**Task statement:**
Pictures must be kept out of the copy. Every entry is to be duplicated exactly.
┄┄┄┄┄┄┄┄┄┄┄┄┄┄┄┄┄┄┄┄
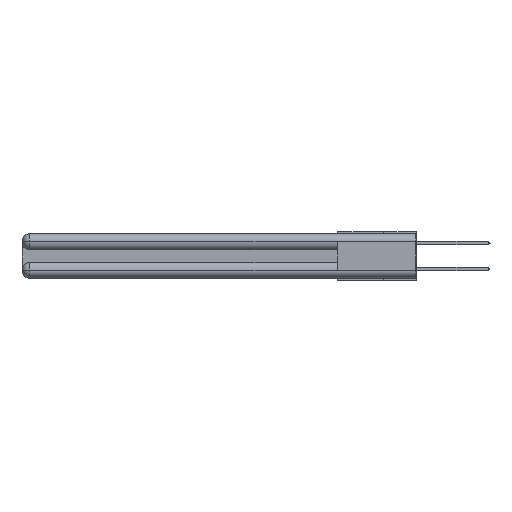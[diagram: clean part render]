
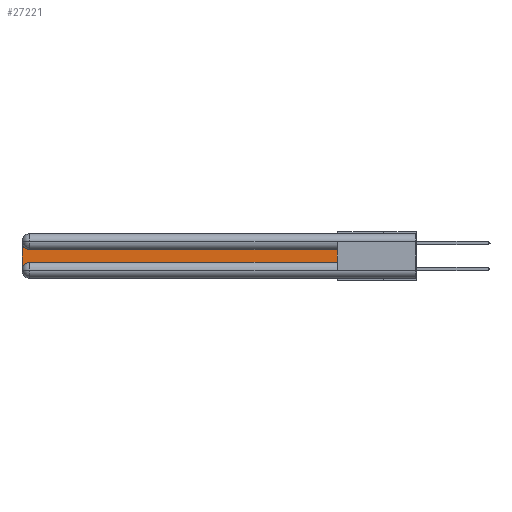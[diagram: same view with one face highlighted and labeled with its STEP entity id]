
A CAD part, left-side view. The second image highlights one B-rep face of the part: STEP entity #27221.
In plain terms, the highlighted planar face has unit normal (-1, 0, 0).
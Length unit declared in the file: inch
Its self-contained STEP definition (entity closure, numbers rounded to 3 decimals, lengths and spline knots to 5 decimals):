
#234 = FACE_OUTER_BOUND ( 'NONE', #31563, .T. ) ;
#878 = EDGE_CURVE ( 'NONE', #11589, #2956, #18227, .T. ) ;
#901 = VERTEX_POINT ( 'NONE', #11097 ) ;
#1298 = CARTESIAN_POINT ( 'NONE',  ( 0.075, 3., -0.2175 ) ) ;
#2956 = VERTEX_POINT ( 'NONE', #11110 ) ;
#3972 = DIRECTION ( 'NONE',  ( 0., 0., -1. ) ) ;
#4734 = PLANE ( 'NONE',  #5922 ) ;
#5922 = AXIS2_PLACEMENT_3D ( 'NONE', #24779, #17527, #14815 ) ;
#6085 = CARTESIAN_POINT ( 'NONE',  ( 0.075, 0.6, -0.2175 ) ) ;
#7162 = VECTOR ( 'NONE', #32312, 39.37008 ) ;
#7714 = DIRECTION ( 'NONE',  ( 0., 0., -1. ) ) ;
#7885 = EDGE_CURVE ( 'NONE', #11298, #11407, #14054, .T. ) ;
#8617 = ORIENTED_EDGE ( 'NONE', *, *, #8688, .T. ) ;
#8688 = EDGE_CURVE ( 'NONE', #2956, #11298, #21631, .T. ) ;
#11097 = CARTESIAN_POINT ( 'NONE',  ( 0.075, 0.6, -0.2175 ) ) ;
#11110 = CARTESIAN_POINT ( 'NONE',  ( 0.075, 2.94, -0.1225 ) ) ;
#11298 = VERTEX_POINT ( 'NONE', #21775 ) ;
#11407 = VERTEX_POINT ( 'NONE', #14888 ) ;
#11457 = VECTOR ( 'NONE', #30943, 39.37008 ) ;
#11589 = VERTEX_POINT ( 'NONE', #13522 ) ;
#12473 = DIRECTION ( 'NONE',  ( 1., 0., 0. ) ) ;
#12668 = AXIS2_PLACEMENT_3D ( 'NONE', #20332, #12473, #7714 ) ;
#12994 = CARTESIAN_POINT ( 'NONE',  ( 0.075, 0.6, -0.1225 ) ) ;
#13198 = AXIS2_PLACEMENT_3D ( 'NONE', #16246, #21617, #23626 ) ;
#13522 = CARTESIAN_POINT ( 'NONE',  ( 0.075, 0.6, -0.1225 ) ) ;
#13706 = ORIENTED_EDGE ( 'NONE', *, *, #878, .T. ) ;
#14054 = LINE ( 'NONE', #1298, #26479 ) ;
#14370 = CARTESIAN_POINT ( 'NONE',  ( 0.075, 0.6, -0.2175 ) ) ;
#14497 = EDGE_CURVE ( 'NONE', #11407, #28088, #27352, .T. ) ;
#14815 = DIRECTION ( 'NONE',  ( 0., 0., -1. ) ) ;
#14888 = CARTESIAN_POINT ( 'NONE',  ( 0.075, 3., -0.2775 ) ) ;
#16246 = CARTESIAN_POINT ( 'NONE',  ( 0.075, 2.94, -0.0625 ) ) ;
#17527 = DIRECTION ( 'NONE',  ( 1., 0., 0. ) ) ;
#18227 = LINE ( 'NONE', #12994, #11457 ) ;
#18803 = ORIENTED_EDGE ( 'NONE', *, *, #14497, .T. ) ;
#20332 = CARTESIAN_POINT ( 'NONE',  ( 0.075, 2.94, -0.2775 ) ) ;
#20898 = LINE ( 'NONE', #14370, #7162 ) ;
#21617 = DIRECTION ( 'NONE',  ( 1., 0., 0. ) ) ;
#21631 = CIRCLE ( 'NONE', #13198, 0.06 ) ;
#21775 = CARTESIAN_POINT ( 'NONE',  ( 0.075, 3., -0.0625 ) ) ;
#21856 = DIRECTION ( 'NONE',  ( 0., -1., 0. ) ) ;
#23626 = DIRECTION ( 'NONE',  ( 0., 0., -1. ) ) ;
#24779 = CARTESIAN_POINT ( 'NONE',  ( 0.075, 3., -0.1225 ) ) ;
#25128 = ORIENTED_EDGE ( 'NONE', *, *, #7885, .T. ) ;
#25289 = EDGE_CURVE ( 'NONE', #901, #11589, #20898, .T. ) ;
#25743 = EDGE_CURVE ( 'NONE', #28088, #901, #32100, .T. ) ;
#26479 = VECTOR ( 'NONE', #3972, 39.37008 ) ;
#27221 = ADVANCED_FACE ( 'NONE', ( #234 ), #4734, .F. ) ;
#27352 = CIRCLE ( 'NONE', #12668, 0.06 ) ;
#28088 = VERTEX_POINT ( 'NONE', #28929 ) ;
#28929 = CARTESIAN_POINT ( 'NONE',  ( 0.075, 2.94, -0.2175 ) ) ;
#30943 = DIRECTION ( 'NONE',  ( 0., 1., 0. ) ) ;
#31563 = EDGE_LOOP ( 'NONE', ( #13706, #8617, #25128, #18803, #33241, #31878 ) ) ;
#31878 = ORIENTED_EDGE ( 'NONE', *, *, #25289, .T. ) ;
#32100 = LINE ( 'NONE', #6085, #32893 ) ;
#32312 = DIRECTION ( 'NONE',  ( 0., 0., 1. ) ) ;
#32893 = VECTOR ( 'NONE', #21856, 39.37008 ) ;
#33241 = ORIENTED_EDGE ( 'NONE', *, *, #25743, .T. ) ;
┄┄┄┄┄┄┄┄┄┄┄┄┄┄┄┄┄┄┄┄
**Expected output:**
[diagram: clean part render]
[diagram: same view with one face highlighted and labeled with its STEP entity id]
A CAD part, left-side view. The second image highlights one B-rep face of the part: STEP entity #27221.
In plain terms, the highlighted planar face has unit normal (-1, 0, 0).
Length unit declared in the file: inch
Its self-contained STEP definition (entity closure, numbers rounded to 3 decimals, lengths and spline knots to 5 decimals):
#234 = FACE_OUTER_BOUND ( 'NONE', #31563, .T. ) ;
#878 = EDGE_CURVE ( 'NONE', #11589, #2956, #18227, .T. ) ;
#901 = VERTEX_POINT ( 'NONE', #11097 ) ;
#1298 = CARTESIAN_POINT ( 'NONE',  ( 0.075, 3., -0.2175 ) ) ;
#2956 = VERTEX_POINT ( 'NONE', #11110 ) ;
#3972 = DIRECTION ( 'NONE',  ( 0., 0., -1. ) ) ;
#4734 = PLANE ( 'NONE',  #5922 ) ;
#5922 = AXIS2_PLACEMENT_3D ( 'NONE', #24779, #17527, #14815 ) ;
#6085 = CARTESIAN_POINT ( 'NONE',  ( 0.075, 0.6, -0.2175 ) ) ;
#7162 = VECTOR ( 'NONE', #32312, 39.37008 ) ;
#7714 = DIRECTION ( 'NONE',  ( 0., 0., -1. ) ) ;
#7885 = EDGE_CURVE ( 'NONE', #11298, #11407, #14054, .T. ) ;
#8617 = ORIENTED_EDGE ( 'NONE', *, *, #8688, .T. ) ;
#8688 = EDGE_CURVE ( 'NONE', #2956, #11298, #21631, .T. ) ;
#11097 = CARTESIAN_POINT ( 'NONE',  ( 0.075, 0.6, -0.2175 ) ) ;
#11110 = CARTESIAN_POINT ( 'NONE',  ( 0.075, 2.94, -0.1225 ) ) ;
#11298 = VERTEX_POINT ( 'NONE', #21775 ) ;
#11407 = VERTEX_POINT ( 'NONE', #14888 ) ;
#11457 = VECTOR ( 'NONE', #30943, 39.37008 ) ;
#11589 = VERTEX_POINT ( 'NONE', #13522 ) ;
#12473 = DIRECTION ( 'NONE',  ( 1., 0., 0. ) ) ;
#12668 = AXIS2_PLACEMENT_3D ( 'NONE', #20332, #12473, #7714 ) ;
#12994 = CARTESIAN_POINT ( 'NONE',  ( 0.075, 0.6, -0.1225 ) ) ;
#13198 = AXIS2_PLACEMENT_3D ( 'NONE', #16246, #21617, #23626 ) ;
#13522 = CARTESIAN_POINT ( 'NONE',  ( 0.075, 0.6, -0.1225 ) ) ;
#13706 = ORIENTED_EDGE ( 'NONE', *, *, #878, .T. ) ;
#14054 = LINE ( 'NONE', #1298, #26479 ) ;
#14370 = CARTESIAN_POINT ( 'NONE',  ( 0.075, 0.6, -0.2175 ) ) ;
#14497 = EDGE_CURVE ( 'NONE', #11407, #28088, #27352, .T. ) ;
#14815 = DIRECTION ( 'NONE',  ( 0., 0., -1. ) ) ;
#14888 = CARTESIAN_POINT ( 'NONE',  ( 0.075, 3., -0.2775 ) ) ;
#16246 = CARTESIAN_POINT ( 'NONE',  ( 0.075, 2.94, -0.0625 ) ) ;
#17527 = DIRECTION ( 'NONE',  ( 1., 0., 0. ) ) ;
#18227 = LINE ( 'NONE', #12994, #11457 ) ;
#18803 = ORIENTED_EDGE ( 'NONE', *, *, #14497, .T. ) ;
#20332 = CARTESIAN_POINT ( 'NONE',  ( 0.075, 2.94, -0.2775 ) ) ;
#20898 = LINE ( 'NONE', #14370, #7162 ) ;
#21617 = DIRECTION ( 'NONE',  ( 1., 0., 0. ) ) ;
#21631 = CIRCLE ( 'NONE', #13198, 0.06 ) ;
#21775 = CARTESIAN_POINT ( 'NONE',  ( 0.075, 3., -0.0625 ) ) ;
#21856 = DIRECTION ( 'NONE',  ( 0., -1., 0. ) ) ;
#23626 = DIRECTION ( 'NONE',  ( 0., 0., -1. ) ) ;
#24779 = CARTESIAN_POINT ( 'NONE',  ( 0.075, 3., -0.1225 ) ) ;
#25128 = ORIENTED_EDGE ( 'NONE', *, *, #7885, .T. ) ;
#25289 = EDGE_CURVE ( 'NONE', #901, #11589, #20898, .T. ) ;
#25743 = EDGE_CURVE ( 'NONE', #28088, #901, #32100, .T. ) ;
#26479 = VECTOR ( 'NONE', #3972, 39.37008 ) ;
#27221 = ADVANCED_FACE ( 'NONE', ( #234 ), #4734, .F. ) ;
#27352 = CIRCLE ( 'NONE', #12668, 0.06 ) ;
#28088 = VERTEX_POINT ( 'NONE', #28929 ) ;
#28929 = CARTESIAN_POINT ( 'NONE',  ( 0.075, 2.94, -0.2175 ) ) ;
#30943 = DIRECTION ( 'NONE',  ( 0., 1., 0. ) ) ;
#31563 = EDGE_LOOP ( 'NONE', ( #13706, #8617, #25128, #18803, #33241, #31878 ) ) ;
#31878 = ORIENTED_EDGE ( 'NONE', *, *, #25289, .T. ) ;
#32100 = LINE ( 'NONE', #6085, #32893 ) ;
#32312 = DIRECTION ( 'NONE',  ( 0., 0., 1. ) ) ;
#32893 = VECTOR ( 'NONE', #21856, 39.37008 ) ;
#33241 = ORIENTED_EDGE ( 'NONE', *, *, #25743, .T. ) ;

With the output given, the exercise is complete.